Recorded data

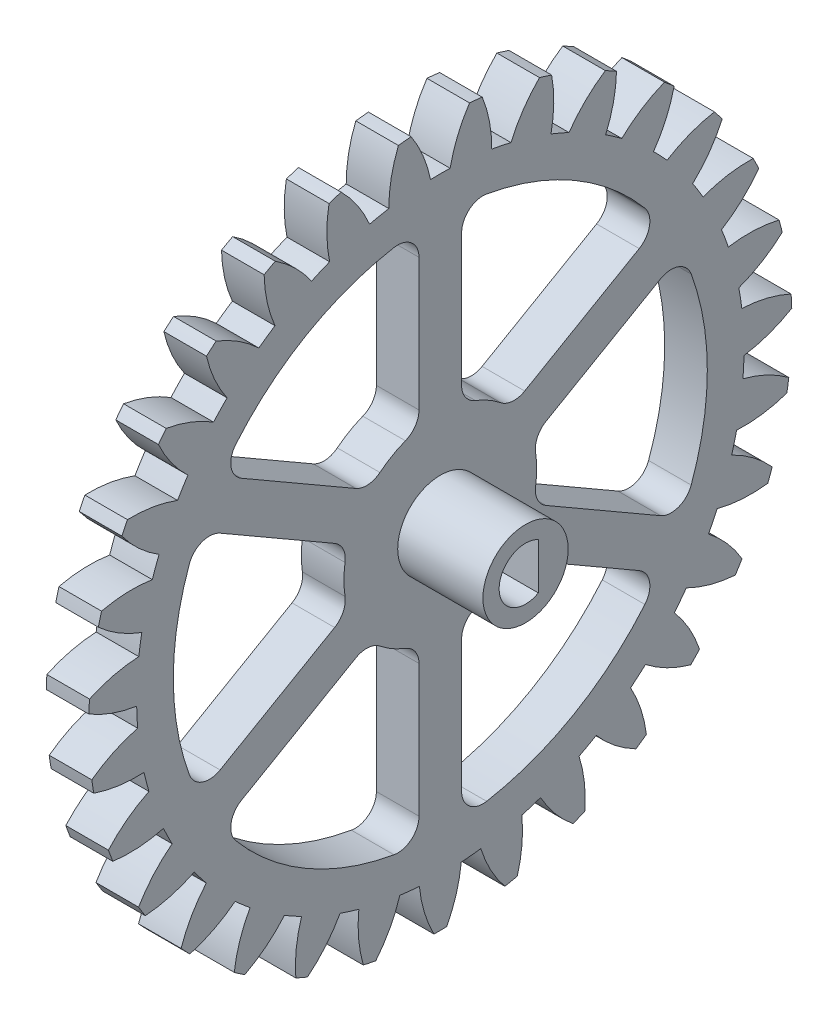
SolidWorks part; units mm, degrees
ref_plane "Plane1" through (0, 0, 0) normal (0, 0, 1) x (1, 0, 0)
ref_plane "Plane2" through (0, 0, 0) normal (0, 1, 0) x (1, 0, 0)
ref_plane "Plane3" through (0, 0, 0) normal (1, 0, 0) x (0, 0, -1)
sketch "HoldingSke" plane through (0, 0, 0) normal (0, 1, 0) x (1, 0, 0)
  line L0 (0, 0) -> (174.1764, -104.6557)
  line L1 (-15, 0) -> (100, 0) construction
  line L2 (0, 0) -> (-2.1039, 2.3779)
  line L3 (0, 0) -> (-11.863, 4.5341)
  line L4 (0, 0) -> (7.4025, 4.4479)
  line L5 (0, 0) -> (-47.5972, -17.7524)
  line L6 (0, 0) -> (-5.2639, -3.5516)
  line L7 (-2.1039, 2.3779) -> (8.8308, 51.9871)
  line L8 (-76.2, 54.61) -> (-72.771, 54.61)
  line L9 (-71.009, 38.7566) -> (-53.1078, 45.2721)
  line L10 (-76.2, 71.12) -> (104.1128, 71.12)
  line L11 (0, 0) -> (-6.35, 0)
  line L12 (-76.2, 101.6) -> (-76.0857, 101.6)
  line L13 (24.9733, 27.94) -> (52.9518, 28.4284)
  line L14 (24.9733, 27.94) -> (24.9746, 27.94)
  line L15 (24.9733, 27.94) -> (100.4006, 29.5858)
  circle A0 centre (0, 0) radius 1.5875
  circle A1 centre (0, 0) radius 38.1
  circle A2 centre (0, 0) radius 38.1
  circle A3 centre (0, 0) radius 1.5875
  dimension "MHD" = 76.2
  dimension "Hub_dia" = 76.2
  dimension "Bore" = 3.175
  dimension "MBD" = 3.175
  dimension "Num_teeth" = 31
  dimension "Pitch" = 203.2
  dimension "Overall_len" = 50.8
  dimension "Show_teeth" = 31
  dimension "Thickness" = 6.35
  dimension "OAL" = 50.8001
  dimension "T_dim" = 3.429
  dimension "Ap" = 20
  dimension "H" = 19.05
  dimension "Pitch_radius" = 180.3128
  dimension "Width" = 6.35
  dimension "Backlash" = 0.1143
  dimension "Addendum_fac" = 1
  dimension "Dedendum_fac" = 1.25
  dimension "Clearance_fac" = 0.25
  dimension "Dedendum_add" = 0.0013
sketch "BasProSke" plane through (0, 0, 0) normal (0, 1, 0) x (1, 0, 0)
  line L0 (-10, 0) -> (60, 0) construction
  line L1 (0, 0) -> (0, 52.3875)
  line L2 (0, 0) -> (6.35, 0)
  line L3 (6.35, 0) -> (6.35, 52.3875)
  line L4 (6.35, 52.3875) -> (0, 52.3875)
  dimension "Thickness" = 6.35
  dimension "Diameter" = 104.775
revolve "Base-Revolve" add sketch "BasProSke" angle 360 about L0
sketch "TooCutSke" plane through (0, 0, 0) normal (1, 0, 0) x (0, 0, -1)
  line L1 (0, 0) -> (0, 107) construction
  line L2 (0, 0) -> (-2.6926, 49.1388) construction
  line L3 (0, 0) -> (-9.9467, 97.8137) construction
  line L4 (-2.6926, 49.1388) -> (-4.9733, 48.9069) construction
  arc A0 (1.4638, 45.2188) -> (-1.4638, 45.2188) centre (0, 0) ccw
  arc A1 (4.3725, 52.2302) -> (-4.3725, 52.2302) centre (0, 0) ccw
  circle A2 centre (0, 0) radius 49.2125 construction
  circle A3 centre (0, 0) radius 46.2446 construction
  arc A4 (-1.4638, 45.2188) -> (-4.3725, 52.2302) centre (-20.7595, 41.3232) ccw
  arc A5 (4.3725, 52.2302) -> (1.4638, 45.2188) centre (20.7595, 41.3232) ccw
  dimension "Root_dia" = 90.485
  dimension "Overcut_dia" = 104.8258
  dimension "Pitch_dia" = 98.425
  dimension "Base_dia" = 92.4892
  dimension "Flank_rad" = 19.685
  dimension "Half_ang" = 5.806
  dimension "Half_CT" = 2.2925
extrude "ToothCut" cut sketch "TooCutSke" along normal through all
fillet "Breaks" [suppressed] radius 0.0635
fillet "RootFillets" [suppressed] radius 0.795
pattern_circular "TeethCuts" count 31 every 11.613 about axis through (-10, 0, 0) along (1, 0, 0) of "ToothCut", "RootFillets", "Breaks"
sketch "HubNeaOneSke" plane through (0, 0, 0) normal (-1, 0, 0) x (0, 0, 1)
  circle A0 centre (0, 0) radius 38.1
  dimension "Diameter" = 76.2
extrude "HubNearOne" [suppressed] add sketch "HubNeaOneSke" along normal blind 44.4501
sketch "HubNeaBotSke" plane through (0, 0, 0) normal (-1, 0, 0) x (0, 0, 1)
  circle A0 centre (0, 0) radius 38.1
  dimension "Diameter" = 76.2
extrude "HubNearBoth" [suppressed] add sketch "HubNeaBotSke" along normal blind 22.225
ref_plane "FarPln" through (6.35, 0, 0) normal (1, 0, 0) x (0, 0, -1)
sketch "HubFarSke" plane through (6.35, 0, 0) normal (1, 0, 0) x (0, 0, -1)
  circle A0 centre (0, 0) radius 38.1
  dimension "Diameter" = 76.2
extrude "HubFar" [suppressed] add sketch "HubFarSke" along normal blind 22.225
sketch "BorSke" plane through (0, 0, 0) normal (1, 0, 0) x (0, 0, -1)
  circle A0 centre (0, 0) radius 1.5875
  dimension "Diameter" = 3.175
extrude "Bore" cut sketch "BorSke" along normal mid plane 101.6001
sketch "KeySke" plane through (0, 0, 0) normal (1, 0, 0) x (0, 0, -1)
  line L0 (-0.127, 0) -> (-0.127, 1.8415)
  line L1 (-0.127, 1.8415) -> (0.127, 1.8415)
  line L2 (0.127, 1.8415) -> (0.127, 0)
  line L3 (0, 0) -> (0, 34) construction
  line L4 (-0.127, 0) -> (0.127, 0)
  dimension "Offset" = 1.8415
  dimension "Width" = 0.254
extrude "Keyway" [suppressed] cut sketch "KeySke" along normal mid plane 101.6001
pattern_circular "Keyway2" [suppressed] count 2 every 90 about axis through (-10, 0, 0) along (1, 0, 0)
sketch "Sketch1" plane through (6.35, 0, 0) normal (1, 0, 0) x (0, 0, -1)
  circle A0 centre (0, 0) radius 6.35
  dimension "D1" = 12.7
extrude "Boss-Extrude1" add sketch "Sketch1" along normal blind 12.7
sketch "Sketch2" plane through (19.05, 0, 0) normal (1, 0, 0) x (0, 0, -1)
  line L0 (1.905, 3.4454) -> (1.905, -3.4454)
  line L1 (3.937, 0) -> (-3.937, 0)
  circle A0 centre (0, 0) radius 3.937
  dimension "D1" = 7.874
  dimension "D2" = 5.842
extrude "Cut-Extrude1" cut sketch "Sketch2" against normal through all contours L0 A0 L1 | L1 A0 L0
sketch "Sketch3" plane through (6.35, 0, 0) normal (1, 0, 0) x (0, 0, -1)
  line L0 (0, 39.781) -> (0, -39.781) construction
  line L1 (-34.4514, 19.8905) -> (34.4514, -19.8905) construction
  line L2 (-34.4514, -19.8905) -> (34.4514, 19.8905) construction
  line L3 (-36.0389, 17.1409) -> (32.8639, -22.6401)
  line L4 (-32.8639, 22.6401) -> (36.0389, -17.1409)
  line L5 (-3.175, 39.781) -> (-3.175, -39.781)
  line L6 (3.175, 39.781) -> (3.175, -39.781)
  line L7 (-32.8639, -22.6401) -> (36.0389, 17.1409)
  line L8 (-36.0389, -17.1409) -> (32.8639, 22.6401)
  circle A0 centre (0, 0) radius 39.781
  circle A1 centre (0, 0) radius 14.3671
  dimension "D9" = 79.562
  dimension "D10" = 28.7342
  dimension "D1" = 60
  dimension "D2" = 60
  dimension "D3" = 3.175
  dimension "D4" = 3.175
  dimension "D5" = 3.175
  dimension "D6" = 3.175
  dimension "D7" = 3.175
  dimension "D8" = 3.175
extrude "Cut-Extrude2" cut sketch "Sketch3" against normal through all contours A1 L5 A0 L4 | A1 L3 A0 L8 | A1 L7 A0 L5 | A1 L6 A0 L3 | A1 L4 A0 L7 | A1 L8 A0 L6
fillet "Fillet1" radius 3.175 24 edges at (3.175, 4.2563, 13.7222) (3.175, -9.7556, -10.5472) (3.175, -14.0119, 3.175) (3.175, 14.0119, 3.175) (3.175, -4.2563, 13.7222) (3.175, 9.7556, -10.5472) (3.175, -22.5767, 32.754) (3.175, 17.0774, -35.929) (3.175, -9.7556, 10.5472) (3.175, 4.2563, -13.7222) (3.175, -14.0119, -3.175) (3.175, 14.0119, -3.175) (3.175, 17.0774, 35.929) (3.175, -22.5767, -32.754) (3.175, -39.6541, -3.175) (3.175, 39.6541, -3.175) (3.175, -4.2563, -13.7222) (3.175, 9.7556, 10.5472) (3.175, -17.0774, 35.929) (3.175, 22.5767, -32.754) (3.175, -17.0774, -35.929) (3.175, 22.5767, 32.754) (3.175, -39.6541, 3.175) (3.175, 39.6541, 3.175)
equation "' \"Pitch@HoldingSke\" = 4"
equation "' \"Num_teeth@HoldingSke\" = 12"
equation "' \"Ap@HoldingSke\" =  20"
equation "' \"Ap@HoldingSke\" = 20"
equation "' \"Width@HoldingSke\" = 0.5"
equation "' \"Hub_dia@HoldingSke\"= 1"
equation "' \"Hub_dia@HoldingSke\" = 1"
equation "' \"Overall_len@HoldingSke\" = 1.0"
equation "' \"Bore@HoldingSke\" = 0.75"
equation "' \"T_dim@HoldingSke\" = 0.85"
equation "' \"Width@KeySke\" = 0.25"
equation "' \"Show_teeth@HoldingSke\" = 13"
equation "' \"Backlash@HoldingSke\" = 0.009"
equation "' \"Addendum_fac@HoldingSke\" = 1.0"
equation "' \"Dedendum_fac@HoldingSke\" = 1.25"
equation "' \"Dedendum_add@HoldingSke\" = 0.00005"
equation "' \"Clearance_fac@HoldingSke\" = 0.25"
equation "' \"Pitch@HoldingSke\" = 0.5"
equation "' \"Num_teeth@HoldingSke\" = 23"
equation "' \"Show_teeth@HoldingSke\" = 23"
equation "' \"Backlash@HoldingSke\" = 0.0375"
equation "\"Overcut_dia@TooCutSke\" = (\"Num_teeth@HoldingSke\" + 2 * \"Addendum_fac@HoldingSke\") / \"Pitch@HoldingSke\" + 0.002"
equation "\"Pitch_dia@TooCutSke\" = \"Num_teeth@HoldingSke\" / \"Pitch@HoldingSke\""
equation "\"Base_dia@TooCutSke\" = \"Num_teeth@HoldingSke\" / \"Pitch@HoldingSke\" * cos((\"Ap@HoldingSke\"  * 3.14159265 / 180))"
equation "\"Root_dia@TooCutSke\" = (\"Num_teeth@HoldingSke\" + 2) / \"Pitch@HoldingSke\" - 2 * (\"Addendum_fac@HoldingSke\" + \"Dedendum_fac@HoldingSke\") / \"Pitch@HoldingSke\" - \"Dedendum_add@HoldingSke\" * 2"
equation "\"Half_ang@TooCutSke\" = 180 / \"Num_teeth@HoldingSke\""
equation "\"Half_CT@TooCutSke\" = \"Num_teeth@HoldingSke\" / \"Pitch@HoldingSke\" * sin((3.14159265 / 2 / \"Num_teeth@HoldingSke\")) / 2 - 7 * \"Backlash@HoldingSke\" / 4"
equation "\"Flank_rad@TooCutSke\" = \"Num_teeth@HoldingSke\" / \"Pitch@HoldingSke\" / 5"
equation "\"Radius@RootFillets\" = \"Clearance_fac@HoldingSke\" / \"Pitch@HoldingSke\" + \"Dedendum_add@HoldingSke\""
equation "\"Break_rad@Breaks\" = 0.02 / \"Pitch@HoldingSke\""
equation "\"Thickness@HoldingSke\" = \"Width@HoldingSke\""
equation "\"OAL@HoldingSke\" = \"Thickness@HoldingSke\""
equation "\"MHD@HoldingSke\" = (\"Num_teeth@HoldingSke\" + 2) / \"Pitch@HoldingSke\" - 2 * (\"Addendum_fac@HoldingSke\" + \"Dedendum_fac@HoldingSke\")  / \"Pitch@HoldingSke\" - \"Dedendum_add@HoldingSke\" * 2"
equation "\"MBD@HoldingSke\" = (\"Num_teeth@HoldingSke\" + 2) / \"Pitch@HoldingSke\" - 2 * (\"Addendum_fac@HoldingSke\" + \"Dedendum_fac@HoldingSke\")  / \"Pitch@HoldingSke\" - \"Dedendum_add@HoldingSke\" * 2 - 0.002"
equation "\"MHD@HoldingSke\" = ((sgn( \"MHD@HoldingSke\" - \"Hub_dia@HoldingSke\" )-1)*( \"MHD@HoldingSke\" - \"Hub_dia@HoldingSke\" ))/-2+ \"Hub_dia@HoldingSke\""
equation "\"MBD@HoldingSke\" = ((sgn( \"MBD@HoldingSke\" - \"Bore@HoldingSke\" )-1)*( \"MBD@HoldingSke\" - \"Bore@HoldingSke\" ))/-2+ \"Bore@HoldingSke\""
equation "\"OAL@HoldingSke\" = ((sgn( \"OAL@HoldingSke\" - \"Overall_len@HoldingSke\" )+1)*( \"OAL@HoldingSke\" - \"Overall_len@HoldingSke\" ))/2 + \"Overall_len@HoldingSke\" + 0.000002"
equation "\"Num_teeth@TeethCuts\" = int( \"Show_teeth@HoldingSke\" ) + 1"
equation "\"Num_teeth@TeethCuts\" = ((sgn( \"Num_teeth@TeethCuts\" - \"Num_teeth@HoldingSke\" )-1)*( \"Num_teeth@TeethCuts\" - \"Num_teeth@HoldingSke\" ))/-2+ \"Num_teeth@HoldingSke\""
equation "\"Num_teeth@TeethCuts\" = ((sgn( \"Num_teeth@TeethCuts\" - 2.0)+1)*( \"Num_teeth@TeethCuts\" - 2.0))/2 +2.0"
equation "\"Angle@TeethCuts\" = 360.0 / \"Num_teeth@HoldingSke\""
equation "\"Diameter@BasProSke\" = (\"Num_teeth@HoldingSke\" + 2 * \"Addendum_fac@HoldingSke\") / \"Pitch@HoldingSke\""
equation "\"Thickness@BasProSke\"  = \"Thickness@HoldingSke\""
equation "' \"Fillet_rad@BasProSke\" =  \"Thickness@HoldingSke\" * 0.05"
equation "' \"Fillet_rad@BasProSke\" = \"Thickness@HoldingSke\" * 0.05"
equation "\"MHD@HoldingSke\" = ((sgn( \"MHD@HoldingSke\" - \"Root_dia@TooCutSke\" )-1)*( \"MHD@HoldingSke\" - \"Root_dia@TooCutSke\" ))/-2+ \"Root_dia@TooCutSke\""
equation "\"Diameter@HubNeaOneSke\" = \"MHD@HoldingSke\""
equation "\"Length@HubNearOne\" = \"OAL@HoldingSke\" - \"Thickness@BasProSke\""
equation "\"Diameter@HubNeaBotSke\" = \"MHD@HoldingSke\""
equation "\"Length@HubNearBoth\" = ( \"OAL@HoldingSke\" - \"Thickness@BasProSke\" ) / 2.0"
equation "\"Thickness@FarPln\" = \"Thickness@BasProSke\""
equation "\"Diameter@HubFarSke\" = \"MHD@HoldingSke\""
equation "\"Length@HubFar\" = ( \"OAL@HoldingSke\" - \"Thickness@BasProSke\" ) / 2.0"
equation "\"Diameter@BorSke\" = \"MBD@HoldingSke\""
equation "\"D1@Bore\" = \"OAL@HoldingSke\" * 2.0"
equation "\"D1@Keyway\" = \"OAL@HoldingSke\" * 2.0"
equation "\"Offset@KeySke\" = \"T_dim@HoldingSke\" - \"MBD@HoldingSke\" / 2.0"
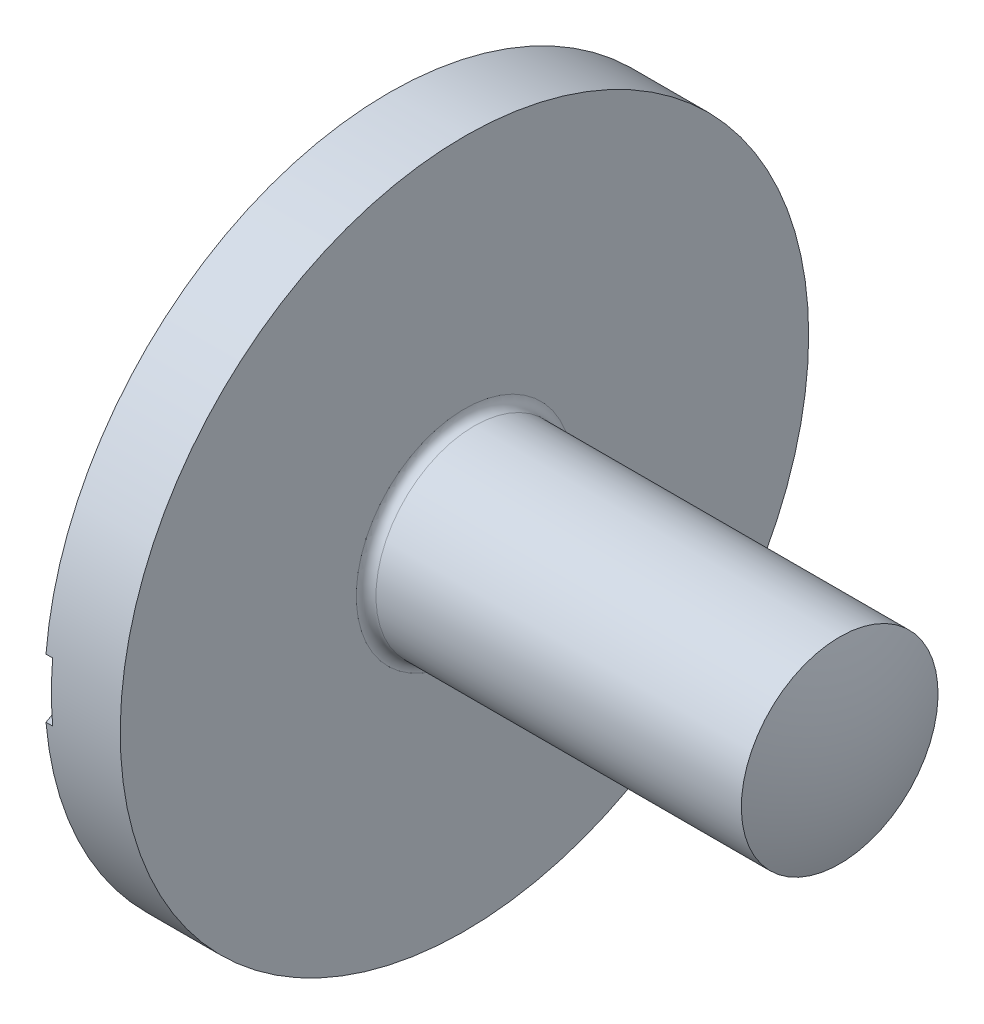
SolidWorks part; units mm, degrees
ref_plane "Front" through (0, 0, 0) normal (0, 0, 1) x (1, 0, 0)
ref_plane "Top" through (0, 0, 0) normal (0, 1, 0) x (1, 0, 0)
ref_plane "Right" through (0, 0, 0) normal (1, 0, 0) x (0, 0, -1)
sketch "Sketch1" plane through (0, 0, 0) normal (1, 0, 0) x (0, 0, -1)
  circle A0 centre (0, 0) radius 7
  dimension "dk" = 14
extrude "BaseHead" add sketch "Sketch1" along normal blind 2.8
sketch "Sketch2" plane through (2.8, 0.0676, 0.3015) normal (1, 0, 0) x (0, 0, -1)
  line L0 (0.3015, -0.0676) -> (1.3015, -0.0676) construction
  circle A0 centre (0.3015, -0.0676) radius 2
  circle A1 centre (0.3015, -0.0676) radius 7 construction
  dimension "d" = 4
  dimension "a" = 1
extrude "BaseBody" add sketch "Sketch2" along normal blind 8
cosmetic thread "ThreadCosmetic1" [suppressed] parameters "D1"=7, "D2"=3.242
sketch "Sketch3" plane through (0, 0, 0) normal (0, 0, 1) x (1, 0, 0)
  line L1 (0, 0.6) -> (1.4, 0.6)
  line L2 (0, 0.6) -> (0, -0.6)
  line L3 (0, -0.6) -> (1.4, -0.6)
  line L4 (1.4, 0.6) -> (1.4, -0.6)
  line L5 (0, 7) -> (0, -7) construction
  dimension "t" = 1.4
  dimension "n" = 1.2
  dimension "m" = 0.6
extrude "Slot" cut sketch "Sketch3" against normal through all and the other way through all
sketch "Sketch4" plane through (-5.7638, 3.9138, 0) normal (0, 0, 1) x (0, -1, 0)
  line L0 (3.9138, 15.0989) -> (3.9138, -3.5713) construction
  line L1 (1.9138, 16.5638) -> (1.9138, 8.5638) construction
  line L2 (-3.0862, 8.5638) -> (-3.0862, 5.7638) construction
  line L4 (1.9138, 18.5638) -> (1.9138, 16.1944)
  line L5 (3.9138, 16.5638) -> (3.9138, 18.5638)
  line L6 (3.9138, 18.5638) -> (1.9138, 18.5638)
  line L8 (-3.0862, 3.7638) -> (3.9138, 3.7638)
  line L9 (3.9138, 3.7638) -> (3.9138, 5.7638)
  line L10 (-3.0862, 7.0288) -> (-3.0862, 3.7638)
  line L11 (-3.0862, 5.7638) -> (3.3138, 5.7638) construction
  line L13 (5.9138, 16.5638) -> (1.9138, 16.5638) construction
  arc A0 (-3.0862, 7.0288) -> (3.9138, 5.7638) centre (3.9138, 25.7638) ccw
  arc A1 (3.9138, 16.5638) -> (1.9138, 16.1944) centre (3.9138, 10.9638) ccw
  dimension "re" = 5.6
  dimension "D2" = 2
  dimension "D3" = 2
  dimension "dr" = 20
revolve "BaseTop" cut sketch "Sketch4" angle 360 about L0
fillet "HeadFillet" radius 0.2 1 edges at (2.8, 0, -2)
sketch "Sketch5" plane through (0, 0, 0) normal (0, 0, 1) x (1, 0, 0)
  line L0 (10.4307, 1.6718) -> (10.6202, 2)
  line L1 (10.6202, 2) -> (10.6202, 2.379)
  line L2 (10.6202, 2.379) -> (10.2412, 2.379)
  line L3 (10.2412, 2.379) -> (10.2412, 2)
  line L4 (10.2412, 2) -> (10.4307, 1.6718)
  line L5 (10.4307, 2) -> (10.4307, -2) construction
  line L6 (0, 0) -> (7.0548, 0) construction
  dimension "D1" = 4
  dimension "D2" = 0.379
revolve "Cut-Revolve10" [suppressed] cut sketch "Sketch5" angle 360 about L6
pattern_linear "LPattern10" [suppressed] count 15 spacing 0.4548 along (1, 0, 0)
equation "\"m@Sketch3\" =\"n@Sketch3\" / 2"
equation "\"D1@ThreadCosmetic1\" = \"l@BaseBody\" -\"a@Sketch2\""
equation "\"D1@Sketch5\" = \"d@Sketch2\""
equation "\"D2@Sketch5\" =  ( \"d@Sketch2\" - \"D2@ThreadCosmetic1\" )  / 2"
equation "\"D3@LPattern10\" = \"D2@Sketch5\" * 1.2"
equation "\"D1@LPattern10\" = \"D1@ThreadCosmetic1\" / \"D3@LPattern10\""

▶ [TASK REQUIREMENTS]
Provide the lines again, unchanged, from where the data above begins through the line containing "line L8 (-76.2, 54.61) -> (-72.771, 54.61)", both ends included, omitting pictures and adding nothing.

▶ [ANSWER TO THIS TASK]
SolidWorks part; units mm, degrees
ref_plane "Plane1" through (0, 0, 0) normal (0, 0, 1) x (1, 0, 0)
ref_plane "Plane2" through (0, 0, 0) normal (0, 1, 0) x (1, 0, 0)
ref_plane "Plane3" through (0, 0, 0) normal (1, 0, 0) x (0, 0, -1)
sketch "HoldingSke" plane through (0, 0, 0) normal (0, 1, 0) x (1, 0, 0)
  line L0 (0, 0) -> (174.1764, -104.6557)
  line L1 (-15, 0) -> (100, 0) construction
  line L2 (0, 0) -> (-2.1039, 2.3779)
  line L3 (0, 0) -> (-11.863, 4.5341)
  line L4 (0, 0) -> (7.4025, 4.4479)
  line L5 (0, 0) -> (-47.5972, -17.7524)
  line L6 (0, 0) -> (-5.2639, -3.5516)
  line L7 (-2.1039, 2.3779) -> (8.8308, 51.9871)
  line L8 (-76.2, 54.61) -> (-72.771, 54.61)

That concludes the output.